🤖 AI Summary
Event reconstruction in digital forensics suffers from fragmented perspectives, inconsistent terminology, and methodological fragmentation, lacking a systematic, unifying framework. Method: This paper proposes the first unified temporal event reconstruction framework tailored for digital forensics—adapting classical forensic reconstruction models to the digital domain; constructing a comprehensive, lifecycle-spanning conceptual map of temporal reconstruction; and conducting a systematic literature review (SLR) coupled with conceptual modeling to clarify terminological relationships and process elements. Contribution/Results: The study identifies three core challenges—data scale, temporal distortion, and semantic ambiguity—and establishes an extensible classification system. It delivers a consensus-based terminology set and a standardized process paradigm, thereby providing a rigorous theoretical foundation for the development and evaluation of automated event reconstruction tools.
📝 Abstract
Event reconstruction is a technique that examiners can use to attempt to infer past activities by analyzing digital artifacts. Despite its significance, the field suffers from fragmented research, with studies often focusing narrowly on aspects like timeline creation or tampering detection.
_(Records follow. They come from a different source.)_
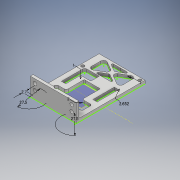
# Autodesk Inventor part: OpenMV&Ping
Saved by Autodesk Inventor 2018 (Build 220112000, 112)
## iProperties
Created: 2018-10-24
Part Number: OpenMV&Ping
Material: 一般
Document SubType Name: Modeling
Designer: shun2
Density: 1 g/cm^3
Appearance: 既定
Author: shun2
Autodesk Inventor part; units mm, degrees
ref_plane "YZ Plane" through (0, 0, 0) normal (1, 0, 0) x (0, 1, 0)
ref_plane "XZ Plane" through (0, 0, 0) normal (0, 1, 0) x (-1, 0, 0)
ref_plane "XY Plane" through (0, 0, 0) normal (0, 0, 1) x (1, 0, 0)
ref_plane "作業平面3" through (0, 0, 0) normal (0, 0, -1) x (-1, 0, 0)
sketch "スケッチ17" plane through (0, 0, 0) normal (0, 0, -1) x (-1, 0, 0)
  line L0 (19.0039, 20.5342) -> (19.0039, -23.9158)
  line L1 (19.0979, -0.4088) -> (19.0979, -12.4088)
  arc A0 (19.0661, -12.4088) -> (19.1297, -12.4088) centre (19.0979, -12.4088) ccw
  arc A1 (19.1297, -0.4088) -> (19.0661, -0.4088) centre (19.0979, -0.4088) ccw
  arc A2 (19.0979, -12.3771) -> (19.0979, -12.4406) centre (19.0979, -12.4088) ccw
  arc A3 (19.0979, -0.3771) -> (19.0979, -0.4406) centre (19.0979, -0.4088) ccw
  line L2 (1.4119, 34.5042) -> (1.4119, 35.1392)
  line L3 (-16.3681, -23.9158) -> (-16.3681, 20.5342)
  line L4 (-16.3681, 20.5342) -> (19.0039, 20.5342)
  line L5 (19.0039, -23.9158) -> (-16.3681, -23.9158)
  arc A4 (-15.9871, -20.6011) -> (-15.9871, -20.6265) centre (-15.9871, -20.6138) ccw
  arc A5 (-10.1451, -20.6265) -> (-10.1451, -20.6011) centre (-10.1451, -20.6138) ccw
  arc A6 (-13.0661, -23.5348) -> (-13.0661, -17.6928) centre (-13.0661, -20.6138) ccw
  arc A7 (-13.0661, -17.6928) -> (-13.0661, -23.5348) centre (-13.0661, -20.6138) ccw
  arc A8 (-13.0661, -22.1138) -> (-13.0661, -19.1138) centre (-13.0661, -20.6138) ccw
  arc A9 (-13.0661, -19.1138) -> (-13.0661, -22.1138) centre (-13.0661, -20.6138) ccw
  line L6 (18.8109, -20.6138) -> (18.5569, -20.6138)
  arc A10 (18.5569, -20.6011) -> (18.5569, -20.6265) centre (18.5569, -20.6138) ccw
  arc A11 (18.8109, -20.6265) -> (18.8109, -20.6011) centre (18.8109, -20.6138) ccw
  arc A12 (12.9689, -20.6011) -> (12.9689, -20.6265) centre (12.9689, -20.6138) ccw
  arc A13 (15.8899, -23.5348) -> (15.8899, -17.6928) centre (15.8899, -20.6138) ccw
  arc A14 (15.8899, -17.6928) -> (15.8899, -23.5348) centre (15.8899, -20.6138) ccw
  arc A15 (15.8899, -22.1138) -> (15.8899, -19.1138) centre (15.8899, -20.6138) ccw
  arc A16 (15.8899, -19.1138) -> (15.8899, -22.1138) centre (15.8899, -20.6138) ccw
  line L7 (18.8109, 15.8352) -> (18.8109, 17.1052)
  arc A17 (18.849, 17.1052) -> (18.7728, 17.1052) centre (18.8109, 17.1052) ccw
  arc A18 (18.7728, 15.8352) -> (18.849, 15.8352) centre (18.8109, 15.8352) ccw
  line L8 (18.8109, 17.1052) -> (18.1759, 17.7402)
  arc A19 (18.2028, 17.7671) -> (18.149, 17.7133) centre (18.1759, 17.7402) ccw
  arc A20 (18.784, 17.0783) -> (18.8378, 17.1321) centre (18.8109, 17.1052) ccw
  arc A21 (16.9059, 17.7783) -> (16.9059, 17.7021) centre (16.9059, 17.7402) ccw
  arc A22 (18.1759, 17.7021) -> (18.1759, 17.7783) centre (18.1759, 17.7402) ccw
  line L9 (16.9059, 17.7402) -> (16.2709, 17.1052)
  arc A23 (16.244, 17.1321) -> (16.2978, 17.0783) centre (16.2709, 17.1052) ccw
  arc A24 (16.9328, 17.7133) -> (16.879, 17.7671) centre (16.9059, 17.7402) ccw
  line L10 (18.1759, 12.6602) -> (18.8109, 13.2952)
  arc A25 (18.8378, 13.2683) -> (18.784, 13.3221) centre (18.8109, 13.2952) ccw
  arc A26 (18.149, 12.6871) -> (18.2028, 12.6333) centre (18.1759, 12.6602) ccw
  line L11 (18.8109, 13.2952) -> (18.8109, 14.5652)
  arc A27 (18.849, 14.5652) -> (18.7728, 14.5652) centre (18.8109, 14.5652) ccw
  arc A28 (18.7728, 13.2952) -> (18.849, 13.2952) centre (18.8109, 13.2952) ccw
  line L12 (18.8109, 14.5652) -> (18.1759, 15.2002)
  arc A29 (18.2028, 15.2271) -> (18.149, 15.1733) centre (18.1759, 15.2002) ccw
  arc A30 (18.784, 14.5383) -> (18.8378, 14.5921) centre (18.8109, 14.5652) ccw
  arc A31 (16.9059, 15.2383) -> (16.9059, 15.1621) centre (16.9059, 15.2002) ccw
  arc A32 (18.1759, 15.1621) -> (18.1759, 15.2383) centre (18.1759, 15.2002) ccw
  line L13 (16.9059, 15.2002) -> (16.2709, 14.5652)
  arc A33 (16.244, 14.5921) -> (16.2978, 14.5383) centre (16.2709, 14.5652) ccw
  arc A34 (16.9328, 15.1733) -> (16.879, 15.2271) centre (16.9059, 15.2002) ccw
  line L14 (16.2709, 14.5652) -> (16.2709, 13.2952)
  arc A35 (16.2328, 13.2952) -> (16.309, 13.2952) centre (16.2709, 13.2952) ccw
  arc A36 (16.309, 14.5652) -> (16.2328, 14.5652) centre (16.2709, 14.5652) ccw
  line L15 (16.2709, 13.2952) -> (16.9059, 12.6602)
  arc A37 (16.879, 12.6333) -> (16.9328, 12.6871) centre (16.9059, 12.6602) ccw
  arc A38 (16.2978, 13.3221) -> (16.244, 13.2683) centre (16.2709, 13.2952) ccw
  line L16 (18.8109, 15.8352) -> (18.1759, 15.2002)
  arc A39 (18.149, 15.2271) -> (18.2028, 15.1733) centre (18.1759, 15.2002) ccw
  arc A40 (18.8378, 15.8083) -> (18.784, 15.8621) centre (18.8109, 15.8352) ccw
  line L17 (16.9059, 15.2002) -> (16.2709, 15.8352)
  arc A41 (16.2978, 15.8621) -> (16.244, 15.8083) centre (16.2709, 15.8352) ccw
  arc A42 (16.879, 15.1733) -> (16.9328, 15.2271) centre (16.9059, 15.2002) ccw
  line L18 (16.2709, 17.1052) -> (16.2709, 15.8352)
  arc A43 (16.2328, 15.8352) -> (16.309, 15.8352) centre (16.2709, 15.8352) ccw
  arc A44 (16.309, 17.1052) -> (16.2328, 17.1052) centre (16.2709, 17.1052) ccw
  line L19 (18.8109, 8.2152) -> (18.8109, 9.4852)
  arc A45 (18.849, 9.4852) -> (18.7728, 9.4852) centre (18.8109, 9.4852) ccw
  arc A46 (18.7728, 8.2152) -> (18.849, 8.2152) centre (18.8109, 8.2152) ccw
  line L20 (18.8109, 9.4852) -> (18.1759, 10.1202)
  arc A47 (18.2028, 10.1471) -> (18.149, 10.0933) centre (18.1759, 10.1202) ccw
  arc A48 (18.784, 9.4583) -> (18.8378, 9.5121) centre (18.8109, 9.4852) ccw
  arc A49 (16.9059, 10.1583) -> (16.9059, 10.0821) centre (16.9059, 10.1202) ccw
  arc A50 (18.1759, 10.0821) -> (18.1759, 10.1583) centre (18.1759, 10.1202) ccw
  line L21 (16.9059, 10.1202) -> (16.2709, 9.4852)
  arc A51 (16.244, 9.5121) -> (16.2978, 9.4583) centre (16.2709, 9.4852) ccw
  arc A52 (16.9328, 10.0933) -> (16.879, 10.1471) centre (16.9059, 10.1202) ccw
  line L22 (18.1759, 10.1202) -> (18.8109, 10.7552)
  arc A53 (18.8378, 10.7283) -> (18.784, 10.7821) centre (18.8109, 10.7552) ccw
  arc A54 (18.149, 10.1471) -> (18.2028, 10.0933) centre (18.1759, 10.1202) ccw
  line L23 (18.8109, 10.7552) -> (18.8109, 12.0252)
  arc A55 (18.849, 12.0252) -> (18.7728, 12.0252) centre (18.8109, 12.0252) ccw
  arc A56 (18.7728, 10.7552) -> (18.849, 10.7552) centre (18.8109, 10.7552) ccw
  line L24 (18.8109, 12.0252) -> (18.1759, 12.6602)
  arc A57 (18.2028, 12.6871) -> (18.149, 12.6333) centre (18.1759, 12.6602) ccw
  arc A58 (18.784, 11.9983) -> (18.8378, 12.0521) centre (18.8109, 12.0252) ccw
  arc A59 (16.9059, 12.6983) -> (16.9059, 12.6221) centre (16.9059, 12.6602) ccw
  arc A60 (18.1759, 12.6221) -> (18.1759, 12.6983) centre (18.1759, 12.6602) ccw
  line L25 (16.9059, 12.6602) -> (16.2709, 12.0252)
  arc A61 (16.244, 12.0521) -> (16.2978, 11.9983) centre (16.2709, 12.0252) ccw
  arc A62 (16.9328, 12.6333) -> (16.879, 12.6871) centre (16.9059, 12.6602) ccw
  line L26 (16.2709, 12.0252) -> (16.2709, 10.7552)
  arc A63 (16.2328, 10.7552) -> (16.309, 10.7552) centre (16.2709, 10.7552) ccw
  arc A64 (16.309, 12.0252) -> (16.2328, 12.0252) centre (16.2709, 12.0252) ccw
  line L27 (16.2709, 10.7552) -> (16.9059, 10.1202)
  arc A65 (16.879, 10.0933) -> (16.9328, 10.1471) centre (16.9059, 10.1202) ccw
  arc A66 (16.2978, 10.7821) -> (16.244, 10.7283) centre (16.2709, 10.7552) ccw
  line L28 (18.1759, 5.0402) -> (18.8109, 5.6752)
  arc A67 (18.8378, 5.6483) -> (18.784, 5.7021) centre (18.8109, 5.6752) ccw
  arc A68 (18.149, 5.0671) -> (18.2028, 5.0133) centre (18.1759, 5.0402) ccw
  line L29 (18.8109, 5.6752) -> (18.8109, 6.9452)
  arc A69 (18.849, 6.9452) -> (18.7728, 6.9452) centre (18.8109, 6.9452) ccw
  arc A70 (18.7728, 5.6752) -> (18.849, 5.6752) centre (18.8109, 5.6752) ccw
  line L30 (18.8109, 6.9452) -> (18.1759, 7.5802)
  arc A71 (18.2028, 7.6071) -> (18.149, 7.5533) centre (18.1759, 7.5802) ccw
  arc A72 (18.784, 6.9183) -> (18.8378, 6.9721) centre (18.8109, 6.9452) ccw
  arc A73 (16.9059, 7.6183) -> (16.9059, 7.5421) centre (16.9059, 7.5802) ccw
  arc A74 (18.1759, 7.5421) -> (18.1759, 7.6183) centre (18.1759, 7.5802) ccw
  line L31 (16.9059, 7.5802) -> (16.2709, 6.9452)
  arc A75 (16.244, 6.9721) -> (16.2978, 6.9183) centre (16.2709, 6.9452) ccw
  arc A76 (16.9328, 7.5533) -> (16.879, 7.6071) centre (16.9059, 7.5802) ccw
  line L32 (16.2709, 6.9452) -> (16.2709, 5.6752)
  arc A77 (16.2328, 5.6752) -> (16.309, 5.6752) centre (16.2709, 5.6752) ccw
  arc A78 (16.309, 6.9452) -> (16.2328, 6.9452) centre (16.2709, 6.9452) ccw
  line L33 (16.2709, 5.6752) -> (16.9059, 5.0402)
  arc A79 (16.879, 5.0133) -> (16.9328, 5.0671) centre (16.9059, 5.0402) ccw
  arc A80 (16.2978, 5.7021) -> (16.244, 5.6483) centre (16.2709, 5.6752) ccw
  line L34 (18.8109, 8.2152) -> (18.1759, 7.5802)
  arc A81 (18.149, 7.6071) -> (18.2028, 7.5533) centre (18.1759, 7.5802) ccw
  arc A82 (18.8378, 8.1883) -> (18.784, 8.2421) centre (18.8109, 8.2152) ccw
  line L35 (16.9059, 7.5802) -> (16.2709, 8.2152)
  arc A83 (16.2978, 8.2421) -> (16.244, 8.1883) centre (16.2709, 8.2152) ccw
  arc A84 (16.879, 7.5533) -> (16.9328, 7.6071) centre (16.9059, 7.5802) ccw
  line L36 (16.2709, 9.4852) -> (16.2709, 8.2152)
  arc A85 (16.2328, 8.2152) -> (16.309, 8.2152) centre (16.2709, 8.2152) ccw
  arc A86 (16.309, 9.4852) -> (16.2328, 9.4852) centre (16.2709, 9.4852) ccw
  line L37 (18.8109, 0.5952) -> (18.8109, 1.8652)
  arc A87 (18.849, 1.8652) -> (18.7728, 1.8652) centre (18.8109, 1.8652) ccw
  arc A88 (18.7728, 0.5952) -> (18.849, 0.5952) centre (18.8109, 0.5952) ccw
  line L38 (18.8109, 1.8652) -> (18.1759, 2.5002)
  arc A89 (18.2028, 2.5271) -> (18.149, 2.4733) centre (18.1759, 2.5002) ccw
  arc A90 (18.784, 1.8383) -> (18.8378, 1.8921) centre (18.8109, 1.8652) ccw
  arc A91 (16.9059, 2.5383) -> (16.9059, 2.4621) centre (16.9059, 2.5002) ccw
  arc A92 (18.1759, 2.4621) -> (18.1759, 2.5383) centre (18.1759, 2.5002) ccw
  line L39 (16.9059, 2.5002) -> (16.2709, 1.8652)
  arc A93 (16.244, 1.8921) -> (16.2978, 1.8383) centre (16.2709, 1.8652) ccw
  arc A94 (16.9328, 2.4733) -> (16.879, 2.5271) centre (16.9059, 2.5002) ccw
  line L40 (18.1759, 2.5002) -> (18.8109, 3.1352)
  arc A95 (18.8378, 3.1083) -> (18.784, 3.1621) centre (18.8109, 3.1352) ccw
  arc A96 (18.149, 2.5271) -> (18.2028, 2.4733) centre (18.1759, 2.5002) ccw
  line L41 (18.8109, 3.1352) -> (18.8109, 4.4052)
  arc A97 (18.849, 4.4052) -> (18.7728, 4.4052) centre (18.8109, 4.4052) ccw
  arc A98 (18.7728, 3.1352) -> (18.849, 3.1352) centre (18.8109, 3.1352) ccw
  line L42 (18.8109, 4.4052) -> (18.1759, 5.0402)
  arc A99 (18.2028, 5.0671) -> (18.149, 5.0133) centre (18.1759, 5.0402) ccw
  arc A100 (18.784, 4.3783) -> (18.8378, 4.4321) centre (18.8109, 4.4052) ccw
  arc A101 (16.9059, 5.0783) -> (16.9059, 5.0021) centre (16.9059, 5.0402) ccw
  arc A102 (18.1759, 5.0021) -> (18.1759, 5.0783) centre (18.1759, 5.0402) ccw
  line L43 (16.9059, 5.0402) -> (16.2709, 4.4052)
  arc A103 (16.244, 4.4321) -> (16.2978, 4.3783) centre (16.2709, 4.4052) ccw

This paper addresses the lack of a unified perspective by proposing a comprehensive framework for timeline-based event reconstruction, adapted from traditional forensic science models. We begin by harmonizing existing terminology and presenting a cohesive diagram that clarifies the relationships between key elements of the reconstruction process. Through a comprehensive literature survey, we classify and organize the main challenges, extending the discussion beyond common issues like data volume. Lastly, we highlight recent advancements and propose directions for future research, including specific research gaps. By providing a structured approach, key findings, and a clearer understanding of the underlying challenges, this work aims to strengthen the foundation of digital forensics.